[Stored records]
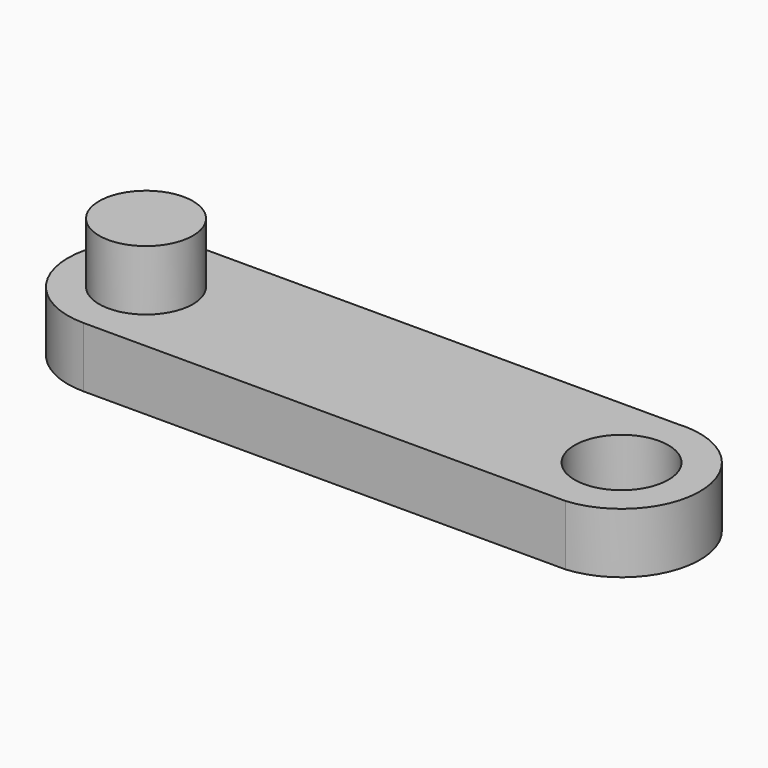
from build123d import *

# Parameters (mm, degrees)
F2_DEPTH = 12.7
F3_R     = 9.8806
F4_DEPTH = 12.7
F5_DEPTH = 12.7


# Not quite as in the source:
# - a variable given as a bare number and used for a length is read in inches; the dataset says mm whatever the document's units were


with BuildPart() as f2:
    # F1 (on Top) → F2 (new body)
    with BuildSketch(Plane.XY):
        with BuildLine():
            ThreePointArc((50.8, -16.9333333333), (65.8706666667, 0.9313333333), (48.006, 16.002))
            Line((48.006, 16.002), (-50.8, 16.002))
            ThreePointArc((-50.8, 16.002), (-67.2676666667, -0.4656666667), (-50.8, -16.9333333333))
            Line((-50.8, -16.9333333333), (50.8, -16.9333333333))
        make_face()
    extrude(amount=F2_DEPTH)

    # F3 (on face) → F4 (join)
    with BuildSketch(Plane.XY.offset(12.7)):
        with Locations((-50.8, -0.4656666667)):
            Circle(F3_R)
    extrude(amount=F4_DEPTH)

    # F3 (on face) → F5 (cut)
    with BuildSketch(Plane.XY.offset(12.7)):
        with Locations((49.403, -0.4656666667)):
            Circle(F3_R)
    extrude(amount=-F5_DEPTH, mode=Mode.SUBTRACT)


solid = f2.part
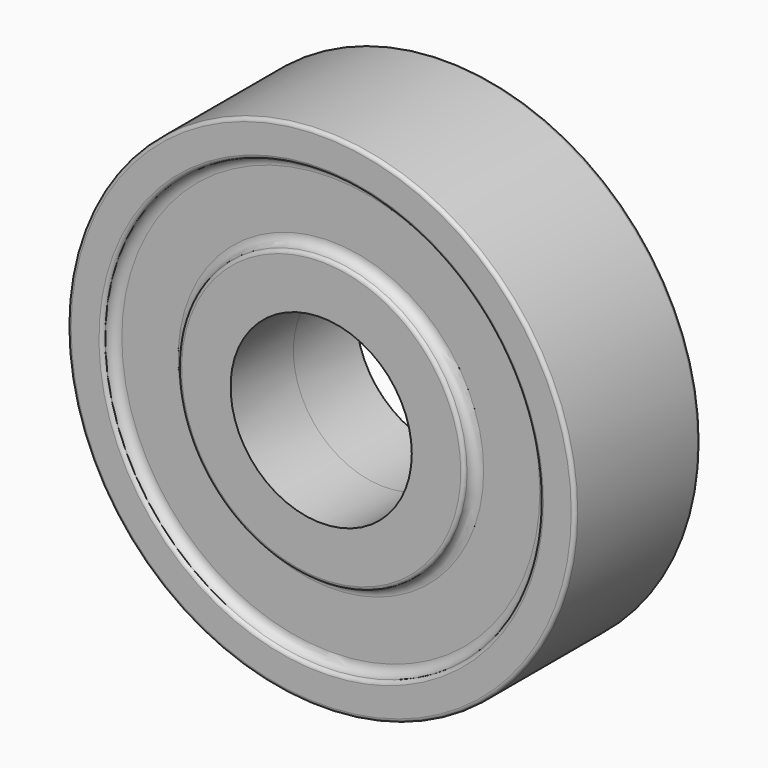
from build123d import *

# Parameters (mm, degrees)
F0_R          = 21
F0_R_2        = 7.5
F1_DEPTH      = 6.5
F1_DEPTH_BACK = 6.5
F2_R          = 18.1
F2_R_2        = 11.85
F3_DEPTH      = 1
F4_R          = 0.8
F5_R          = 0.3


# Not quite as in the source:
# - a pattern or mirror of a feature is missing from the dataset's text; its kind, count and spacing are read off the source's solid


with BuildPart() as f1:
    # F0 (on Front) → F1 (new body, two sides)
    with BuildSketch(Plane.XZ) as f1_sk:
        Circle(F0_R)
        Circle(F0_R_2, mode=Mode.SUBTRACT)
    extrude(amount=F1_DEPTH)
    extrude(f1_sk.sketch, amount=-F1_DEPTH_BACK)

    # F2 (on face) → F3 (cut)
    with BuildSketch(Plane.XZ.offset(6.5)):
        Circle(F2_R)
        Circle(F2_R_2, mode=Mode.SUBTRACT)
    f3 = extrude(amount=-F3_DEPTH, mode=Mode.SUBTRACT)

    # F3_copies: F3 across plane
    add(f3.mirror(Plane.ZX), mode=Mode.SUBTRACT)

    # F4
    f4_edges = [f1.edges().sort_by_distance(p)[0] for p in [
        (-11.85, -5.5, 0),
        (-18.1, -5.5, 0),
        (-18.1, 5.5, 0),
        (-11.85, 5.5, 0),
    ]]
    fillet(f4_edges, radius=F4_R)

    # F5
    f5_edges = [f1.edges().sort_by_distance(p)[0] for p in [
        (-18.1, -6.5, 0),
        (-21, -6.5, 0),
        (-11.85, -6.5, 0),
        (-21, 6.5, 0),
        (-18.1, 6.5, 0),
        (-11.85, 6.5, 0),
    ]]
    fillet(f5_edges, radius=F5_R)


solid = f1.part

→ **YOUR INSTRUCTIONS**
With the pictures excluded, the records are to be reproduced exactly.

→ **EXERCISE SOLUTION**
from build123d import *

# Parameters (mm, degrees)
F2_DEPTH = 12.7
F3_R     = 9.8806
F4_DEPTH = 12.7
F5_DEPTH = 12.7


# Not quite as in the source:
# - a variable given as a bare number and used for a length is read in inches; the dataset says mm whatever the document's units were


with BuildPart() as f2:
    # F1 (on Top) → F2 (new body)
    with BuildSketch(Plane.XY):
        with BuildLine():
            ThreePointArc((50.8, -16.9333333333), (65.8706666667, 0.9313333333), (48.006, 16.002))
            Line((48.006, 16.002), (-50.8, 16.002))
            ThreePointArc((-50.8, 16.002), (-67.2676666667, -0.4656666667), (-50.8, -16.9333333333))
            Line((-50.8, -16.9333333333), (50.8, -16.9333333333))
        make_face()
    extrude(amount=F2_DEPTH)

    # F3 (on face) → F4 (join)
    with BuildSketch(Plane.XY.offset(12.7)):
        with Locations((-50.8, -0.4656666667)):
            Circle(F3_R)
    extrude(amount=F4_DEPTH)

    # F3 (on face) → F5 (cut)
    with BuildSketch(Plane.XY.offset(12.7)):
        with Locations((49.403, -0.4656666667)):
            Circle(F3_R)
    extrude(amount=-F5_DEPTH, mode=Mode.SUBTRACT)


solid = f2.part
from build123d import *

# Parameters (mm, degrees)
F0_R          = 21
F0_R_2        = 7.5
F1_DEPTH      = 6.5
F1_DEPTH_BACK = 6.5
F2_R          = 18.1
F2_R_2        = 11.85
F3_DEPTH      = 1
F4_R          = 0.8
F5_R          = 0.3


# Not quite as in the source:
# - a pattern or mirror of a feature is missing from the dataset's text; its kind, count and spacing are read off the source's solid


with BuildPart() as f1:
    # F0 (on Front) → F1 (new body, two sides)
    with BuildSketch(Plane.XZ) as f1_sk:
        Circle(F0_R)
        Circle(F0_R_2, mode=Mode.SUBTRACT)
    extrude(amount=F1_DEPTH)
    extrude(f1_sk.sketch, amount=-F1_DEPTH_BACK)

    # F2 (on face) → F3 (cut)
    with BuildSketch(Plane.XZ.offset(6.5)):
        Circle(F2_R)
        Circle(F2_R_2, mode=Mode.SUBTRACT)
    f3 = extrude(amount=-F3_DEPTH, mode=Mode.SUBTRACT)

    # F3_copies: F3 across plane
    add(f3.mirror(Plane.ZX), mode=Mode.SUBTRACT)

    # F4
    f4_edges = [f1.edges().sort_by_distance(p)[0] for p in [
        (-11.85, -5.5, 0),
        (-18.1, -5.5, 0),
        (-18.1, 5.5, 0),
        (-11.85, 5.5, 0),
    ]]
    fillet(f4_edges, radius=F4_R)

    # F5
    f5_edges = [f1.edges().sort_by_distance(p)[0] for p in [
        (-18.1, -6.5, 0),
        (-21, -6.5, 0),
        (-11.85, -6.5, 0),
        (-21, 6.5, 0),
        (-18.1, 6.5, 0),
        (-11.85, 6.5, 0),
    ]]
    fillet(f5_edges, radius=F5_R)


solid = f1.part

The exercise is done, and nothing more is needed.